Predictive Maintenance Support System in Industry 4.0 Scenario

Detalhes bibliográficos
Autor(a) principal: Rodrigo Ardachessian Costa
Data de Publicação: 2020
Tipo de documento: Dissertação
Idioma: eng
Título da fonte: Repositório Científico de Acesso Aberto de Portugal (Repositórios Cientìficos)
Texto Completo: https://hdl.handle.net/10216/132743
Resumo: The fourth industrial revolution that is being witnessed nowadays, also known as Industry 4.0, is heavily related to the digitization of manufacturing systems and the integration of different technologies to optimize manufacturing. By combining data acquisition using specific sensors and machine learning algorithms to analyze this data and predict a failure before it happens, Predictive Maintenance is a critical tool to implement towards reducing downtime due to unpredicted stoppages caused by malfunctions.

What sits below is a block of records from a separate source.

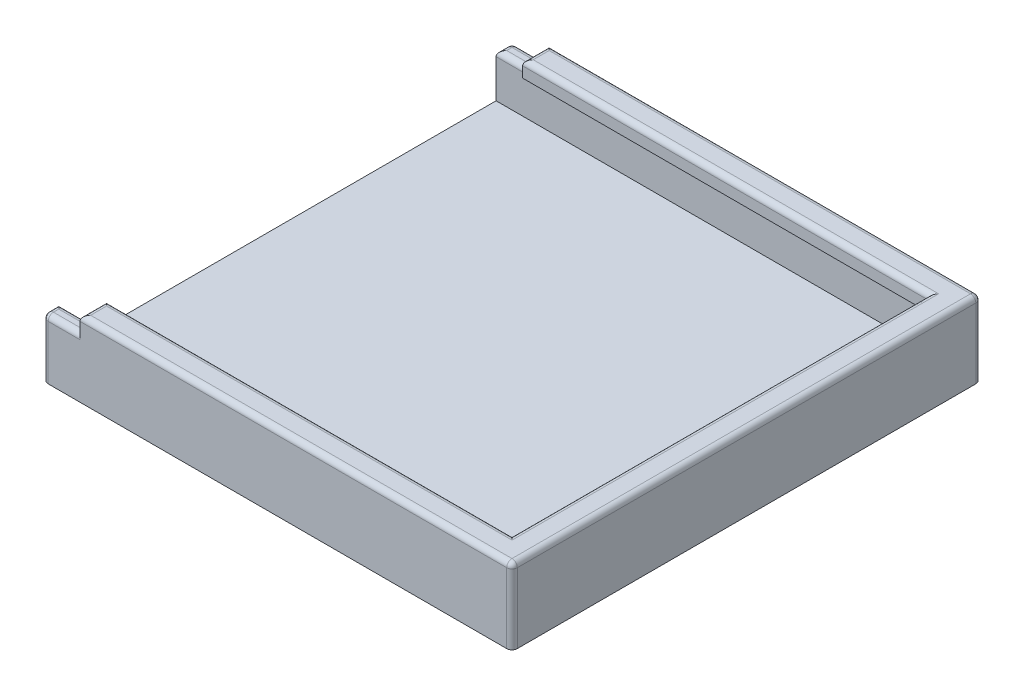
ISO-10303-21;
HEADER;
FILE_DESCRIPTION(('STEP AP214'),'2;1');
FILE_NAME('part.step','',(''),(''),'','','');
FILE_SCHEMA(('AUTOMOTIVE_DESIGN { 1 0 10303 214 1 1 1 1 }'));
ENDSEC;
DATA;
#1=APPLICATION_CONTEXT('core data for automotive mechanical design processes');
#2=APPLICATION_PROTOCOL_DEFINITION('international standard','automotive_design',2000,#1);
#3=PRODUCT_CONTEXT('',#1,'mechanical');
#4=PRODUCT('Part','Part','',(#3));
#5=PRODUCT_RELATED_PRODUCT_CATEGORY('part','',(#4));
#6=PRODUCT_DEFINITION_FORMATION('','',#4);
#7=PRODUCT_DEFINITION_CONTEXT('part definition',#1,'design');
#8=PRODUCT_DEFINITION('design','',#6,#7);
#9=PRODUCT_DEFINITION_SHAPE('','',#8);
#10=(LENGTH_UNIT() NAMED_UNIT(*) SI_UNIT(.MILLI.,.METRE.));
#11=(NAMED_UNIT(*) PLANE_ANGLE_UNIT() SI_UNIT($,.RADIAN.));
#12=(NAMED_UNIT(*) SI_UNIT($,.STERADIAN.) SOLID_ANGLE_UNIT());
#13=UNCERTAINTY_MEASURE_WITH_UNIT(LENGTH_MEASURE(1.E-05),#10,'distance_accuracy_value','');
#14=(GEOMETRIC_REPRESENTATION_CONTEXT(3) GLOBAL_UNCERTAINTY_ASSIGNED_CONTEXT((#13)) GLOBAL_UNIT_ASSIGNED_CONTEXT((#10,
#11,#12)) REPRESENTATION_CONTEXT('',''));
#15=CARTESIAN_POINT('',(0.,0.,0.));
#16=DIRECTION('',(0.,0.,1.));
#17=DIRECTION('',(1.,0.,0.));
#18=AXIS2_PLACEMENT_3D('',#15,#16,#17);
#19=CARTESIAN_POINT('',(0.,4.1,0.));
#20=DIRECTION('',(0.,1.,0.));
#21=DIRECTION('',(0.,0.,1.));
#22=AXIS2_PLACEMENT_3D('',#19,#20,#21);
#23=PLANE('',#22);
#24=DIRECTION('',(0.,0.,-1.));
#25=VECTOR('',#24,1.);
#26=CARTESIAN_POINT('',(-18.6,4.1,-20.6));
#27=LINE('',#26,#25);
#28=CARTESIAN_POINT('',(-18.6,4.1,-21.1));
#29=VERTEX_POINT('',#28);
#30=CARTESIAN_POINT('',(-18.6,4.1,-21.6));
#31=VERTEX_POINT('',#30);
#32=EDGE_CURVE('E274',#29,#31,#27,.T.);
#33=ORIENTED_EDGE('',*,*,#32,.T.);
#34=DIRECTION('',(-1.,0.,0.));
#35=VECTOR('',#34,1.);
#36=CARTESIAN_POINT('',(-22.1,4.1,-21.6));
#37=LINE('',#36,#35);
#38=CARTESIAN_POINT('',(-21.6,4.1,-21.6));
#39=VERTEX_POINT('',#38);
#40=EDGE_CURVE('E392',#31,#39,#37,.T.);
#41=ORIENTED_EDGE('',*,*,#40,.T.);
#42=DIRECTION('',(0.,0.,1.));
#43=VECTOR('',#42,1.);
#44=CARTESIAN_POINT('',(-21.6,4.1,0.));
#45=LINE('',#44,#43);
#46=CARTESIAN_POINT('',(-21.6,4.1,-21.1));
#47=VERTEX_POINT('',#46);
#48=EDGE_CURVE('E390',#39,#47,#45,.T.);
#49=ORIENTED_EDGE('',*,*,#48,.T.);
#50=DIRECTION('',(-1.,0.,0.));
#51=VECTOR('',#50,1.);
#52=CARTESIAN_POINT('',(0.,4.1,-21.1));
#53=LINE('',#52,#51);
#54=EDGE_CURVE('E388',#47,#29,#53,.F.);
#55=ORIENTED_EDGE('',*,*,#54,.T.);
#56=EDGE_LOOP('',(#33,#41,#49,#55));
#57=FACE_BOUND('',#56,.T.);
#58=ADVANCED_FACE('F37',(#57),#23,.T.);
#59=DIRECTION('',(0.,0.,1.));
#60=VECTOR('',#59,1.);
#61=CARTESIAN_POINT('',(-21.6,4.1,0.));
#62=LINE('',#61,#60);
#63=CARTESIAN_POINT('',(-21.6,4.1,21.1));
#64=VERTEX_POINT('',#63);
#65=CARTESIAN_POINT('',(-21.6,4.1,21.6));
#66=VERTEX_POINT('',#65);
#67=EDGE_CURVE('E380',#64,#66,#62,.T.);
#68=ORIENTED_EDGE('',*,*,#67,.T.);
#69=DIRECTION('',(1.,0.,0.));
#70=VECTOR('',#69,1.);
#71=CARTESIAN_POINT('',(0.,4.1,21.6));
#72=LINE('',#71,#70);
#73=CARTESIAN_POINT('',(-18.6,4.1,21.6));
#74=VERTEX_POINT('',#73);
#75=EDGE_CURVE('E382',#66,#74,#72,.T.);
#76=ORIENTED_EDGE('',*,*,#75,.T.);
#77=DIRECTION('',(0.,0.,-1.));
#78=VECTOR('',#77,1.);
#79=CARTESIAN_POINT('',(-18.6,4.1,19.6));
#80=LINE('',#79,#78);
#81=CARTESIAN_POINT('',(-18.6,4.1,21.1));
#82=VERTEX_POINT('',#81);
#83=EDGE_CURVE('E262',#74,#82,#80,.T.);
#84=ORIENTED_EDGE('',*,*,#83,.T.);
#85=DIRECTION('',(1.,0.,0.));
#86=VECTOR('',#85,1.);
#87=CARTESIAN_POINT('',(0.,4.1,21.1));
#88=LINE('',#87,#86);
#89=EDGE_CURVE('E378',#82,#64,#88,.F.);
#90=ORIENTED_EDGE('',*,*,#89,.T.);
#91=EDGE_LOOP('',(#68,#76,#84,#90));
#92=FACE_BOUND('',#91,.T.);
#93=ADVANCED_FACE('F568',(#92),#23,.T.);
#94=CARTESIAN_POINT('',(19.6,5.6,-22.1));
#95=DIRECTION('',(1.,0.,0.));
#96=DIRECTION('',(0.,0.,-1.));
#97=AXIS2_PLACEMENT_3D('',#94,#95,#96);
#98=PLANE('',#97);
#99=DIRECTION('',(0.,-1.,0.));
#100=VECTOR('',#99,1.);
#101=CARTESIAN_POINT('',(19.6,5.6,19.6));
#102=LINE('',#101,#100);
#103=CARTESIAN_POINT('',(19.6,5.1,19.6));
#104=VERTEX_POINT('',#103);
#105=CARTESIAN_POINT('',(19.6,4.1,19.6));
#106=VERTEX_POINT('',#105);
#107=EDGE_CURVE('E243',#104,#106,#102,.T.);
#108=ORIENTED_EDGE('',*,*,#107,.F.);
#109=DIRECTION('',(0.,0.,1.));
#110=VECTOR('',#109,1.);
#111=CARTESIAN_POINT('',(19.6,5.1,-22.1));
#112=LINE('',#111,#110);
#113=CARTESIAN_POINT('',(19.6,5.1,-19.6));
#114=VERTEX_POINT('',#113);
#115=EDGE_CURVE('E337',#104,#114,#112,.F.);
#116=ORIENTED_EDGE('',*,*,#115,.T.);
#117=DIRECTION('',(0.,1.,0.));
#118=VECTOR('',#117,1.);
#119=CARTESIAN_POINT('',(19.6,5.59999999999999,-19.6));
#120=LINE('',#119,#118);
#121=CARTESIAN_POINT('',(19.6,4.1,-19.6));
#122=VERTEX_POINT('',#121);
#123=EDGE_CURVE('E264',#122,#114,#120,.T.);
#124=ORIENTED_EDGE('',*,*,#123,.F.);
#125=DIRECTION('',(0.,0.,1.));
#126=VECTOR('',#125,1.);
#127=CARTESIAN_POINT('',(19.6,4.1,-22.1));
#128=LINE('',#127,#126);
#129=EDGE_CURVE('E282',#122,#106,#128,.T.);
#130=ORIENTED_EDGE('',*,*,#129,.T.);
#131=EDGE_LOOP('',(#108,#116,#124,#130));
#132=FACE_BOUND('',#131,.T.);
#133=ADVANCED_FACE('F480',(#132),#98,.F.);
#134=CARTESIAN_POINT('',(-22.1,-1.5,-22.1));
#135=DIRECTION('',(0.,0.,1.));
#136=DIRECTION('',(1.,0.,0.));
#137=AXIS2_PLACEMENT_3D('',#134,#135,#136);
#138=PLANE('',#137);
#139=DIRECTION('',(0.,1.,0.));
#140=VECTOR('',#139,1.);
#141=CARTESIAN_POINT('',(-18.6,5.6,-22.1));
#142=LINE('',#141,#140);
#143=CARTESIAN_POINT('',(-18.6,3.6,-22.1));
#144=VERTEX_POINT('',#143);
#145=CARTESIAN_POINT('',(-18.6,5.1,-22.1));
#146=VERTEX_POINT('',#145);
#147=EDGE_CURVE('E279',#144,#146,#142,.T.);
#148=ORIENTED_EDGE('',*,*,#147,.T.);
#149=DIRECTION('',(-1.,0.,0.));
#150=VECTOR('',#149,1.);
#151=CARTESIAN_POINT('',(-22.1,5.1,-22.1));
#152=LINE('',#151,#150);
#153=CARTESIAN_POINT('',(21.6,5.1,-22.1));
#154=VERTEX_POINT('',#153);
#155=EDGE_CURVE('E347',#146,#154,#152,.F.);
#156=ORIENTED_EDGE('',*,*,#155,.T.);
#157=DIRECTION('',(0.,1.,0.));
#158=VECTOR('',#157,1.);
#159=CARTESIAN_POINT('',(21.6,-1.5,-22.1));
#160=LINE('',#159,#158);
#161=CARTESIAN_POINT('',(21.6,-1.5,-22.1));
#162=VERTEX_POINT('',#161);
#163=EDGE_CURVE('E345',#154,#162,#160,.F.);
#164=ORIENTED_EDGE('',*,*,#163,.T.);
#165=DIRECTION('',(1.,0.,0.));
#166=VECTOR('',#165,1.);
#167=CARTESIAN_POINT('',(-22.1,-1.5,-22.1));
#168=LINE('',#167,#166);
#169=CARTESIAN_POINT('',(-21.6,-1.5,-22.1));
#170=VERTEX_POINT('',#169);
#171=EDGE_CURVE('E300',#170,#162,#168,.T.);
#172=ORIENTED_EDGE('',*,*,#171,.F.);
#173=DIRECTION('',(0.,1.,0.));
#174=VECTOR('',#173,1.);
#175=CARTESIAN_POINT('',(-21.6,4.1,-22.1));
#176=LINE('',#175,#174);
#177=CARTESIAN_POINT('',(-21.6,3.6,-22.1));
#178=VERTEX_POINT('',#177);
#179=EDGE_CURVE('E342',#170,#178,#176,.T.);
#180=ORIENTED_EDGE('',*,*,#179,.T.);
#181=DIRECTION('',(-1.,0.,0.));
#182=VECTOR('',#181,1.);
#183=CARTESIAN_POINT('',(-18.6,3.6,-22.1));
#184=LINE('',#183,#182);
#185=EDGE_CURVE('E339',#178,#144,#184,.F.);
#186=ORIENTED_EDGE('',*,*,#185,.T.);
#187=EDGE_LOOP('',(#148,#156,#164,#172,#180,#186));
#188=FACE_BOUND('',#187,.T.);
#189=ADVANCED_FACE('F508',(#188),#138,.F.);
#190=CARTESIAN_POINT('',(22.1,-1.5,-22.1));
#191=DIRECTION('',(-1.,0.,0.));
#192=DIRECTION('',(0.,0.,1.));
#193=AXIS2_PLACEMENT_3D('',#190,#191,#192);
#194=PLANE('',#193);
#195=DIRECTION('',(0.,0.,1.));
#196=VECTOR('',#195,1.);
#197=CARTESIAN_POINT('',(22.1,-1.5,-22.1));
#198=LINE('',#197,#196);
#199=CARTESIAN_POINT('',(22.1,-1.5,-21.6));
#200=VERTEX_POINT('',#199);
#201=CARTESIAN_POINT('',(22.1,-1.5,21.6));
#202=VERTEX_POINT('',#201);
#203=EDGE_CURVE('E303',#200,#202,#198,.T.);
#204=ORIENTED_EDGE('',*,*,#203,.F.);
#205=DIRECTION('',(0.,1.,0.));
#206=VECTOR('',#205,1.);
#207=CARTESIAN_POINT('',(22.1,-1.5,-21.6));
#208=LINE('',#207,#206);
#209=CARTESIAN_POINT('',(22.1,5.1,-21.6));
#210=VERTEX_POINT('',#209);
#211=EDGE_CURVE('E376',#200,#210,#208,.T.);
#212=ORIENTED_EDGE('',*,*,#211,.T.);
#213=DIRECTION('',(0.,0.,-1.));
#214=VECTOR('',#213,1.);
#215=CARTESIAN_POINT('',(22.1,5.1,-22.1));
#216=LINE('',#215,#214);
#217=CARTESIAN_POINT('',(22.1,5.1,21.6));
#218=VERTEX_POINT('',#217);
#219=EDGE_CURVE('E372',#210,#218,#216,.F.);
#220=ORIENTED_EDGE('',*,*,#219,.T.);
#221=DIRECTION('',(0.,1.,0.));
#222=VECTOR('',#221,1.);
#223=CARTESIAN_POINT('',(22.1,-1.5,21.6));
#224=LINE('',#223,#222);
#225=EDGE_CURVE('E374',#218,#202,#224,.F.);
#226=ORIENTED_EDGE('',*,*,#225,.T.);
#227=EDGE_LOOP('',(#204,#212,#220,#226));
#228=FACE_BOUND('',#227,.T.);
#229=ADVANCED_FACE('F581',(#228),#194,.F.);
#230=CARTESIAN_POINT('',(-22.1,-1.5,22.1));
#231=DIRECTION('',(0.,0.,1.));
#232=DIRECTION('',(1.,0.,0.));
#233=AXIS2_PLACEMENT_3D('',#230,#231,#232);
#234=PLANE('',#233);
#235=DIRECTION('',(1.,0.,0.));
#236=VECTOR('',#235,1.);
#237=CARTESIAN_POINT('',(-22.1,-1.5,22.1));
#238=LINE('',#237,#236);
#239=CARTESIAN_POINT('',(-21.6,-1.5,22.1));
#240=VERTEX_POINT('',#239);
#241=CARTESIAN_POINT('',(21.6,-1.5,22.1));
#242=VERTEX_POINT('',#241);
#243=EDGE_CURVE('E306',#240,#242,#238,.T.);
#244=ORIENTED_EDGE('',*,*,#243,.T.);
#245=DIRECTION('',(0.,1.,0.));
#246=VECTOR('',#245,1.);
#247=CARTESIAN_POINT('',(21.6,5.6,22.1));
#248=LINE('',#247,#246);
#249=CARTESIAN_POINT('',(21.6,5.1,22.1));
#250=VERTEX_POINT('',#249);
#251=EDGE_CURVE('E370',#242,#250,#248,.T.);
#252=ORIENTED_EDGE('',*,*,#251,.T.);
#253=DIRECTION('',(1.,0.,0.));
#254=VECTOR('',#253,1.);
#255=CARTESIAN_POINT('',(-18.6,5.1,22.1));
#256=LINE('',#255,#254);
#257=CARTESIAN_POINT('',(-18.6,5.1,22.1));
#258=VERTEX_POINT('',#257);
#259=EDGE_CURVE('E368',#250,#258,#256,.F.);
#260=ORIENTED_EDGE('',*,*,#259,.T.);
#261=DIRECTION('',(0.,-1.,0.));
#262=VECTOR('',#261,1.);
#263=CARTESIAN_POINT('',(-18.6,4.1,22.1));
#264=LINE('',#263,#262);
#265=CARTESIAN_POINT('',(-18.6,3.6,22.1));
#266=VERTEX_POINT('',#265);
#267=EDGE_CURVE('E261',#258,#266,#264,.T.);
#268=ORIENTED_EDGE('',*,*,#267,.T.);
#269=DIRECTION('',(1.,0.,0.));
#270=VECTOR('',#269,1.);
#271=CARTESIAN_POINT('',(-22.1,3.6,22.1));
#272=LINE('',#271,#270);
#273=CARTESIAN_POINT('',(-21.6,3.6,22.1));
#274=VERTEX_POINT('',#273);
#275=EDGE_CURVE('E364',#266,#274,#272,.F.);
#276=ORIENTED_EDGE('',*,*,#275,.T.);
#277=DIRECTION('',(0.,1.,0.));
#278=VECTOR('',#277,1.);
#279=CARTESIAN_POINT('',(-21.6,-1.5,22.1));
#280=LINE('',#279,#278);
#281=EDGE_CURVE('E366',#274,#240,#280,.F.);
#282=ORIENTED_EDGE('',*,*,#281,.T.);
#283=EDGE_LOOP('',(#244,#252,#260,#268,#276,#282));
#284=FACE_BOUND('',#283,.T.);
#285=ADVANCED_FACE('F578',(#284),#234,.T.);
#286=CARTESIAN_POINT('',(-22.1,-1.5,-22.1));
#287=DIRECTION('',(-1.,0.,0.));
#288=DIRECTION('',(0.,0.,1.));
#289=AXIS2_PLACEMENT_3D('',#286,#287,#288);
#290=PLANE('',#289);
#291=DIRECTION('',(0.,0.,1.));
#292=VECTOR('',#291,1.);
#293=CARTESIAN_POINT('',(-22.1,-1.5,-22.1));
#294=LINE('',#293,#292);
#295=CARTESIAN_POINT('',(-22.1,-1.5,-21.6));
#296=VERTEX_POINT('',#295);
#297=CARTESIAN_POINT('',(-22.1,-1.5,21.6));
#298=VERTEX_POINT('',#297);
#299=EDGE_CURVE('E309',#296,#298,#294,.T.);
#300=ORIENTED_EDGE('',*,*,#299,.T.);
#301=DIRECTION('',(0.,1.,0.));
#302=VECTOR('',#301,1.);
#303=CARTESIAN_POINT('',(-22.1,-1.5,21.6));
#304=LINE('',#303,#302);
#305=CARTESIAN_POINT('',(-22.1,3.6,21.6));
#306=VERTEX_POINT('',#305);
#307=EDGE_CURVE('E354',#298,#306,#304,.T.);
#308=ORIENTED_EDGE('',*,*,#307,.T.);
#309=DIRECTION('',(0.,0.,1.));
#310=VECTOR('',#309,1.);
#311=CARTESIAN_POINT('',(-22.1,3.6,-22.1));
#312=LINE('',#311,#310);
#313=CARTESIAN_POINT('',(-22.1,3.6,20.6));
#314=VERTEX_POINT('',#313);
#315=EDGE_CURVE('E250',#306,#314,#312,.F.);
#316=ORIENTED_EDGE('',*,*,#315,.T.);
#317=DIRECTION('',(0.,1.,0.));
#318=VECTOR('',#317,1.);
#319=CARTESIAN_POINT('',(-22.1,-1.5,20.6));
#320=LINE('',#319,#318);
#321=CARTESIAN_POINT('',(-22.1,0.,20.6));
#322=VERTEX_POINT('',#321);
#323=EDGE_CURVE('E227',#322,#314,#320,.T.);
#324=ORIENTED_EDGE('',*,*,#323,.F.);
#325=DIRECTION('',(0.,0.,1.));
#326=VECTOR('',#325,1.);
#327=CARTESIAN_POINT('',(-22.1,0.,-22.1));
#328=LINE('',#327,#326);
#329=CARTESIAN_POINT('',(-22.1,0.,-20.6));
#330=VERTEX_POINT('',#329);
#331=EDGE_CURVE('E239',#330,#322,#328,.T.);
#332=ORIENTED_EDGE('',*,*,#331,.F.);
#333=DIRECTION('',(0.,-1.,0.));
#334=VECTOR('',#333,1.);
#335=CARTESIAN_POINT('',(-22.1,-1.5,-20.6));
#336=LINE('',#335,#334);
#337=CARTESIAN_POINT('',(-22.1,3.6,-20.6));
#338=VERTEX_POINT('',#337);
#339=EDGE_CURVE('E244',#338,#330,#336,.T.);
#340=ORIENTED_EDGE('',*,*,#339,.F.);
#341=DIRECTION('',(0.,0.,1.));
#342=VECTOR('',#341,1.);
#343=CARTESIAN_POINT('',(-22.1,3.6,-22.1));
#344=LINE('',#343,#342);
#345=CARTESIAN_POINT('',(-22.1,3.6,-21.6));
#346=VERTEX_POINT('',#345);
#347=EDGE_CURVE('E349',#338,#346,#344,.F.);
#348=ORIENTED_EDGE('',*,*,#347,.T.);
#349=DIRECTION('',(0.,1.,0.));
#350=VECTOR('',#349,1.);
#351=CARTESIAN_POINT('',(-22.1,-1.5,-21.6));
#352=LINE('',#351,#350);
#353=EDGE_CURVE('E351',#346,#296,#352,.F.);
#354=ORIENTED_EDGE('',*,*,#353,.T.);
#355=EDGE_LOOP('',(#300,#308,#316,#324,#332,#340,#348,#354));
#356=FACE_BOUND('',#355,.T.);
#357=ADVANCED_FACE('F247',(#356),#290,.T.);
#358=CARTESIAN_POINT('',(0.,-1.5,0.));
#359=DIRECTION('',(0.,-1.,0.));
#360=DIRECTION('',(0.,0.,-1.));
#361=AXIS2_PLACEMENT_3D('',#358,#359,#360);
#362=PLANE('',#361);
#363=ORIENTED_EDGE('',*,*,#299,.F.);
#364=CARTESIAN_POINT('',(-21.6,-1.5,-21.6));
#365=DIRECTION('',(0.,-1.,0.));
#366=DIRECTION('',(0.,0.,-1.));
#367=AXIS2_PLACEMENT_3D('',#364,#365,#366);
#368=CIRCLE('',#367,0.5);
#369=EDGE_CURVE('E362',#296,#170,#368,.T.);
#370=ORIENTED_EDGE('',*,*,#369,.T.);
#371=ORIENTED_EDGE('',*,*,#171,.T.);
#372=CARTESIAN_POINT('',(21.6,-1.5,-21.6));
#373=DIRECTION('',(0.,-1.,0.));
#374=DIRECTION('',(0.,0.,-1.));
#375=AXIS2_PLACEMENT_3D('',#372,#373,#374);
#376=CIRCLE('',#375,0.5);
#377=EDGE_CURVE('E358',#162,#200,#376,.T.);
#378=ORIENTED_EDGE('',*,*,#377,.T.);
#379=ORIENTED_EDGE('',*,*,#203,.T.);
#380=CARTESIAN_POINT('',(21.6,-1.5,21.6));
#381=DIRECTION('',(0.,-1.,0.));
#382=DIRECTION('',(0.,0.,-1.));
#383=AXIS2_PLACEMENT_3D('',#380,#381,#382);
#384=CIRCLE('',#383,0.5);
#385=EDGE_CURVE('E356',#202,#242,#384,.T.);
#386=ORIENTED_EDGE('',*,*,#385,.T.);
#387=ORIENTED_EDGE('',*,*,#243,.F.);
#388=CARTESIAN_POINT('',(-21.6,-1.5,21.6));
#389=DIRECTION('',(0.,-1.,0.));
#390=DIRECTION('',(0.,0.,-1.));
#391=AXIS2_PLACEMENT_3D('',#388,#389,#390);
#392=CIRCLE('',#391,0.5);
#393=EDGE_CURVE('E360',#240,#298,#392,.T.);
#394=ORIENTED_EDGE('',*,*,#393,.T.);
#395=EDGE_LOOP('',(#363,#370,#371,#378,#379,#386,#387,#394));
#396=FACE_BOUND('',#395,.T.);
#397=ADVANCED_FACE('F528',(#396),#362,.T.);
#398=CARTESIAN_POINT('',(20.6,4.1,-20.6));
#399=DIRECTION('',(-1.,0.,0.));
#400=DIRECTION('',(0.,0.,1.));
#401=AXIS2_PLACEMENT_3D('',#398,#399,#400);
#402=PLANE('',#401);
#403=DIRECTION('',(0.,0.,-1.));
#404=VECTOR('',#403,1.);
#405=CARTESIAN_POINT('',(20.6,0.,-20.6));
#406=LINE('',#405,#404);
#407=CARTESIAN_POINT('',(20.6,0.,20.6));
#408=VERTEX_POINT('',#407);
#409=CARTESIAN_POINT('',(20.6,0.,-20.6));
#410=VERTEX_POINT('',#409);
#411=EDGE_CURVE('E288',#408,#410,#406,.T.);
#412=ORIENTED_EDGE('',*,*,#411,.F.);
#413=DIRECTION('',(0.,-1.,0.));
#414=VECTOR('',#413,1.);
#415=CARTESIAN_POINT('',(20.6,4.1,20.6));
#416=LINE('',#415,#414);
#417=CARTESIAN_POINT('',(20.6,4.1,20.6));
#418=VERTEX_POINT('',#417);
#419=EDGE_CURVE('E230',#418,#408,#416,.T.);
#420=ORIENTED_EDGE('',*,*,#419,.F.);
#421=DIRECTION('',(0.,0.,-1.));
#422=VECTOR('',#421,1.);
#423=CARTESIAN_POINT('',(20.6,4.1,-20.6));
#424=LINE('',#423,#422);
#425=CARTESIAN_POINT('',(20.6,4.1,-20.6));
#426=VERTEX_POINT('',#425);
#427=EDGE_CURVE('E234',#418,#426,#424,.T.);
#428=ORIENTED_EDGE('',*,*,#427,.T.);
#429=DIRECTION('',(0.,-1.,0.));
#430=VECTOR('',#429,1.);
#431=CARTESIAN_POINT('',(20.6,4.1,-20.6));
#432=LINE('',#431,#430);
#433=EDGE_CURVE('E297',#426,#410,#432,.T.);
#434=ORIENTED_EDGE('',*,*,#433,.T.);
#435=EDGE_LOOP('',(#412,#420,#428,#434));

Based on the reality of Commercial Specialty Tires factory at Continental Mabor - Indústria de Pneus, S.A., the present work describes several problems faced regarding equipment maintenance. Taking advantage of the information gathered from studying the processes incorporated in the factory, it is designed a solution model for applying predictive maintenance in these processes. The model is divided into two primary layers, hardware, and software. Concerning hardware, sensors and respective applications are delineated. In terms of software, techniques of data analysis namely machine learning algorithms are described so that the collected data is studied to detect possible failures.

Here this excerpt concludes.